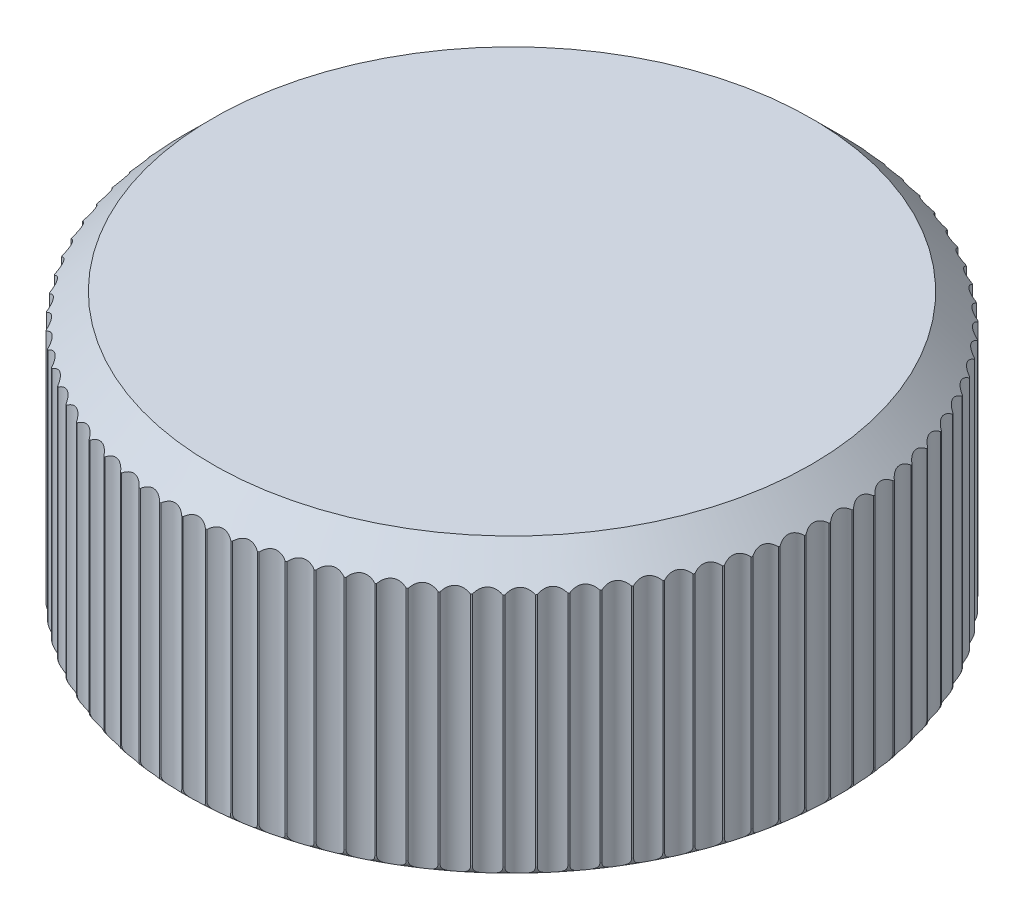
from build123d import *

# Parameters (mm, degrees)
SKIZZE2_R                       = 18.511660762
SCHNITT_LINEAR_AUSTRAGEN1_DEPTH = 28.109776895


with BuildPart() as part:
    # Skizze1 → Rotation1 (revolve)
    with BuildSketch(Plane.XY, mode=Mode.PRIVATE) as rotation1_sk:
        with BuildLine():
            Line((0, 8), (0, 13.8))
            Line((0, 13.8), (-15, 13.8))
            Line((-15, 13.8), (-16.5, 12.3))
            Line((-16.5, 12.3), (-16.5, 0.5))
            ThreePointArc((-16.5, 0.5), (-16.353553391, 0.146446609), (-16, 0))
            Line((-16, 0), (-15, 0))
            ThreePointArc((-15, 0), (-14.646446609, 0.146446609), (-14.5, 0.5))
            Line((-14.5, 0.5), (-14.5, 5.5))
            ThreePointArc((-14.5, 5.5), (-14.353553391, 5.853553391), (-14, 6))
            Line((-14, 6), (-6, 6))
            ThreePointArc((-6, 6), (-5.646446609, 5.853553391), (-5.5, 5.5))
            Line((-5.5, 5.5), (-5.5, 0.5))
            ThreePointArc((-5.5, 0.5), (-5.353553391, 0.146446609), (-5, 0))
            Line((-5, 0), (-3, 0))
            Line((-3, 0), (-3, 7.5))
            ThreePointArc((-3, 7.5), (-2.853553391, 7.853553391), (-2.5, 8))
            Line((-2.5, 8), (0, 8))
        make_face()
    revolve(rotation1_sk.sketch.rotate(Axis((0, 8, 0), (0, 1, 0)), 180), axis=Axis((0, 8, 0), (0, 1, 0)))

    # Skizze2 → Schnitt-Linear austragen1 (cut, through all)
    with BuildSketch(Plane(origin=(0, 13.8, 0), x_dir=(1, 0, 0), z_dir=(0, 1, 0))):
        Circle(SKIZZE2_R)
        with BuildLine():
            ThreePointArc((16.520557527, 0.576910581), (16.302627078, 0), (16.520557527, -0.576910581))
            ThreePointArc((16.520557527, -0.576910581), (16.262914698, -1.137213778), (16.440071032, -1.727921094))
            ThreePointArc((16.440071032, -1.727921094), (16.143971032, -2.268887164), (16.279490163, -2.870513348))
            ThreePointArc((16.279490163, -2.870513348), (15.946375562, -3.389506761), (16.039597254, -3.99912075))
            ThreePointArc((16.039597254, -3.99912075), (15.671090954, -4.493613021), (15.72156104, -5.108244837))
            ThreePointArc((15.72156104, -5.108244837), (15.319458365, -5.57582685), (15.32693096, -6.192482069))
            ThreePointArc((15.32693096, -6.192482069), (14.893190915, -6.630875811), (14.857629614, -7.246550151))
            ThreePointArc((14.857629614, -7.246550151), (14.394365336, -7.653619812), (14.315943389, -8.26531377))
            ThreePointArc((14.315943389, -8.26531377), (13.825411856, -8.639076146), (13.704511328, -9.24380961))
            ThreePointArc((13.704511328, -9.24380961), (13.189102359, -9.58244377), (13.026312265, -10.177270539))
            ThreePointArc((13.026312265, -10.177270539), (12.488536882, -10.479126691), (12.284650318, -11.061148829))
            ThreePointArc((12.284650318, -11.061148829), (11.727128508, -11.324756361), (11.483138789, -11.891138313))
            ThreePointArc((11.483138789, -11.891138313), (10.908586742, -12.115212955), (10.625682563, -12.663195368))
            ThreePointArc((10.625682563, -12.663195368), (10.036899439, -12.84664545), (9.716459079, -13.373558607))
            ThreePointArc((9.716459079, -13.373558607), (9.11631337, -13.515490379), (8.759897983, -14.018767213))
            ThreePointArc((8.759897983, -14.018767213), (8.151313539, -14.118489198), (7.760659545, -14.595677794))
            ThreePointArc((7.760659545, -14.595677794), (7.146601328, -14.652704157), (6.723611953, -15.1014797))
            ThreePointArc((6.723611953, -15.1014797), (6.107071594, -15.115532614), (5.6538076, -15.533708715))
            ThreePointArc((5.6538076, -15.533708715), (5.03778882, -15.504719716), (4.556458465, -15.890259063))
            ThreePointArc((4.556458465, -15.890259063), (3.943962446, -15.818369381), (3.436910722, -16.169393666))
            ThreePointArc((3.436910722, -16.169393666), (2.830921483, -16.054953541), (2.300618695, -16.369752608))
            ThreePointArc((2.300618695, -16.369752608), (1.704088556, -16.213319582), (1.153118286, -16.490359761))
            ThreePointArc((1.153118286, -16.490359761), (0.56895348, -16.292695959), (0, -16.530627539))
            ThreePointArc((0, -16.530627539), (-0.56895348, -16.292695959), (-1.153118286, -16.490359761))
            ThreePointArc((-1.153118286, -16.490359761), (-1.704088556, -16.213319582), (-2.300618695, -16.369752608))
            ThreePointArc((-2.300618695, -16.369752608), (-2.830921483, -16.054953541), (-3.436910722, -16.169393666))
            ThreePointArc((-3.436910722, -16.169393666), (-3.943962446, -15.818369381), (-4.556458465, -15.890259063))
            ThreePointArc((-4.556458465, -15.890259063), (-5.03778882, -15.504719716), (-5.6538076, -15.533708715))
            ThreePointArc((-5.6538076, -15.533708715), (-6.107071594, -15.115532614), (-6.723611953, -15.1014797))
            ThreePointArc((-6.723611953, -15.1014797), (-7.146601328, -14.652704157), (-7.760659545, -14.595677794))
            ThreePointArc((-7.760659545, -14.595677794), (-8.151313539, -14.118489198), (-8.759897983, -14.018767213))
            ThreePointArc((-8.759897983, -14.018767213), (-9.11631337, -13.515490379), (-9.716459079, -13.373558607))
            ThreePointArc((-9.716459079, -13.373558607), (-10.036899439, -12.84664545), (-10.625682563, -12.663195368))
            ThreePointArc((-10.625682563, -12.663195368), (-10.908586742, -12.115212955), (-11.483138789, -11.891138313))
            ThreePointArc((-11.483138789, -11.891138313), (-11.727128508, -11.324756361), (-12.284650318, -11.061148829))
            ThreePointArc((-12.284650318, -11.061148829), (-12.488536882, -10.479126691), (-13.026312265, -10.177270539))
            ThreePointArc((-13.026312265, -10.177270539), (-13.189102359, -9.58244377), (-13.704511328, -9.24380961))
            ThreePointArc((-13.704511328, -9.24380961), (-13.825411856, -8.639076146), (-14.315943389, -8.26531377))
            ThreePointArc((-14.315943389, -8.26531377), (-14.394365336, -7.653619812), (-14.857629614, -7.246550151))
            ThreePointArc((-14.857629614, -7.246550151), (-14.893190915, -6.630875811), (-15.32693096, -6.192482069))
            ThreePointArc((-15.32693096, -6.192482069), (-15.319458365, -5.57582685), (-15.72156104, -5.108244837))
            ThreePointArc((-15.72156104, -5.108244837), (-15.671090954, -4.493613021), (-16.039597254, -3.99912075))
            ThreePointArc((-16.039597254, -3.99912075), (-15.946375562, -3.389506761), (-16.279490163, -2.870513348))
            ThreePointArc((-16.279490163, -2.870513348), (-16.143971032, -2.268887164), (-16.440071032, -1.727921094))
            ThreePointArc((-16.440071032, -1.727921094), (-16.262914698, -1.137213778), (-16.520557527, -0.576910581))
            ThreePointArc((-16.520557527, -0.576910581), (-16.302627078, 0), (-16.520557527, 0.576910581))
            ThreePointArc((-16.520557527, 0.576910581), (-16.262914698, 1.137213778), (-16.440071032, 1.727921094))
            ThreePointArc((-16.440071032, 1.727921094), (-16.143971032, 2.268887164), (-16.279490163, 2.870513348))
            ThreePointArc((-16.279490163, 2.870513348), (-15.946375562, 3.389506761), (-16.039597254, 3.99912075))
            ThreePointArc((-16.039597254, 3.99912075), (-15.671090954, 4.493613021), (-15.72156104, 5.108244837))
            ThreePointArc((-15.72156104, 5.108244837), (-15.319458365, 5.57582685), (-15.32693096, 6.192482069))
            ThreePointArc((-15.32693096, 6.192482069), (-14.893190915, 6.630875811), (-14.857629614, 7.246550151))
            ThreePointArc((-14.857629614, 7.246550151), (-14.394365336, 7.653619812), (-14.315943389, 8.26531377))
            ThreePointArc((-14.315943389, 8.26531377), (-13.825411856, 8.639076146), (-13.704511328, 9.24380961))
            ThreePointArc((-13.704511328, 9.24380961), (-13.189102359, 9.58244377), (-13.026312265, 10.177270539))
            ThreePointArc((-13.026312265, 10.177270539), (-12.488536882, 10.479126691), (-12.284650318, 11.061148829))
            ThreePointArc((-12.284650318, 11.061148829), (-11.727128508, 11.324756361), (-11.483138789, 11.891138313))
            ThreePointArc((-11.483138789, 11.891138313), (-10.908586742, 12.115212955), (-10.625682563, 12.663195368))
            ThreePointArc((-10.625682563, 12.663195368), (-10.036899439, 12.84664545), (-9.716459079, 13.373558607))
            ThreePointArc((-9.716459079, 13.373558607), (-9.11631337, 13.515490379), (-8.759897983, 14.018767213))
            ThreePointArc((-8.759897983, 14.018767213), (-8.151313539, 14.118489198), (-7.760659545, 14.595677794))
            ThreePointArc((-7.760659545, 14.595677794), (-7.146601328, 14.652704157), (-6.723611953, 15.1014797))
            ThreePointArc((-6.723611953, 15.1014797), (-6.107071594, 15.115532614), (-5.6538076, 15.533708715))
            ThreePointArc((-5.6538076, 15.533708715), (-5.03778882, 15.504719716), (-4.556458465, 15.890259063))
            ThreePointArc((-4.556458465, 15.890259063), (-3.943962446, 15.818369381), (-3.436910722, 16.169393666))
            ThreePointArc((-3.436910722, 16.169393666), (-2.830921483, 16.054953541), (-2.300618695, 16.369752608))
            ThreePointArc((-2.300618695, 16.369752608), (-1.704088556, 16.213319582), (-1.153118286, 16.490359761))
            ThreePointArc((-1.153118286, 16.490359761), (-0.56895348, 16.292695959), (0, 16.530627539))
            ThreePointArc((0, 16.530627539), (0.56895348, 16.292695959), (1.153118286, 16.490359761))
            ThreePointArc((1.153118286, 16.490359761), (1.704088556, 16.213319582), (2.300618695, 16.369752608))
            ThreePointArc((2.300618695, 16.369752608), (2.830921483, 16.054953541), (3.436910722, 16.169393666))
            ThreePointArc((3.436910722, 16.169393666), (3.943962446, 15.818369381), (4.556458465, 15.890259063))
            ThreePointArc((4.556458465, 15.890259063), (5.03778882, 15.504719716), (5.6538076, 15.533708715))
            ThreePointArc((5.6538076, 15.533708715), (6.107071594, 15.115532614), (6.723611953, 15.1014797))
            ThreePointArc((6.723611953, 15.1014797), (7.146601328, 14.652704157), (7.760659545, 14.595677794))
            ThreePointArc((7.760659545, 14.595677794), (8.151313539, 14.118489198), (8.759897983, 14.018767213))
            ThreePointArc((8.759897983, 14.018767213), (9.11631337, 13.515490379), (9.716459079, 13.373558607))
            ThreePointArc((9.716459079, 13.373558607), (10.036899439, 12.84664545), (10.625682563, 12.663195368))
            ThreePointArc((10.625682563, 12.663195368), (10.908586742, 12.115212955), (11.483138789, 11.891138313))
            ThreePointArc((11.483138789, 11.891138313), (11.727128508, 11.324756361), (12.284650318, 11.061148829))
            ThreePointArc((12.284650318, 11.061148829), (12.488536882, 10.479126691), (13.026312265, 10.177270539))
            ThreePointArc((13.026312265, 10.177270539), (13.189102359, 9.58244377), (13.704511328, 9.24380961))
            ThreePointArc((13.704511328, 9.24380961), (13.825411856, 8.639076146), (14.315943389, 8.26531377))
            ThreePointArc((14.315943389, 8.26531377), (14.394365336, 7.653619812), (14.857629614, 7.246550151))
            ThreePointArc((14.857629614, 7.246550151), (14.893190915, 6.630875811), (15.32693096, 6.192482069))
            ThreePointArc((15.32693096, 6.192482069), (15.319458365, 5.57582685), (15.72156104, 5.108244837))
            ThreePointArc((15.72156104, 5.108244837), (15.671090954, 4.493613021), (16.039597254, 3.99912075))
            ThreePointArc((16.039597254, 3.99912075), (15.946375562, 3.389506761), (16.279490163, 2.870513348))
            ThreePointArc((16.279490163, 2.870513348), (16.143971032, 2.268887164), (16.440071032, 1.727921094))
            ThreePointArc((16.440071032, 1.727921094), (16.262914698, 1.137213778), (16.520557527, 0.576910581))
        make_face(mode=Mode.SUBTRACT)
    extrude(amount=-SCHNITT_LINEAR_AUSTRAGEN1_DEPTH, mode=Mode.SUBTRACT)


solid = part.part

# PROBLEM TO SOLVE
The lines above from the one with "-12.84664545), (9.716459079, -13.373558607))" through the one with "-15.504719716), (4.556458465, -15.890259063))" are to be duplicated exactly, ends included, with nothing added.

# YOUR RESPONSE
            ThreePointArc((10.625682563, -12.663195368), (10.036899439, -12.84664545), (9.716459079, -13.373558607))
            ThreePointArc((9.716459079, -13.373558607), (9.11631337, -13.515490379), (8.759897983, -14.018767213))
            ThreePointArc((8.759897983, -14.018767213), (8.151313539, -14.118489198), (7.760659545, -14.595677794))
            ThreePointArc((7.760659545, -14.595677794), (7.146601328, -14.652704157), (6.723611953, -15.1014797))
            ThreePointArc((6.723611953, -15.1014797), (6.107071594, -15.115532614), (5.6538076, -15.533708715))
            ThreePointArc((5.6538076, -15.533708715), (5.03778882, -15.504719716), (4.556458465, -15.890259063))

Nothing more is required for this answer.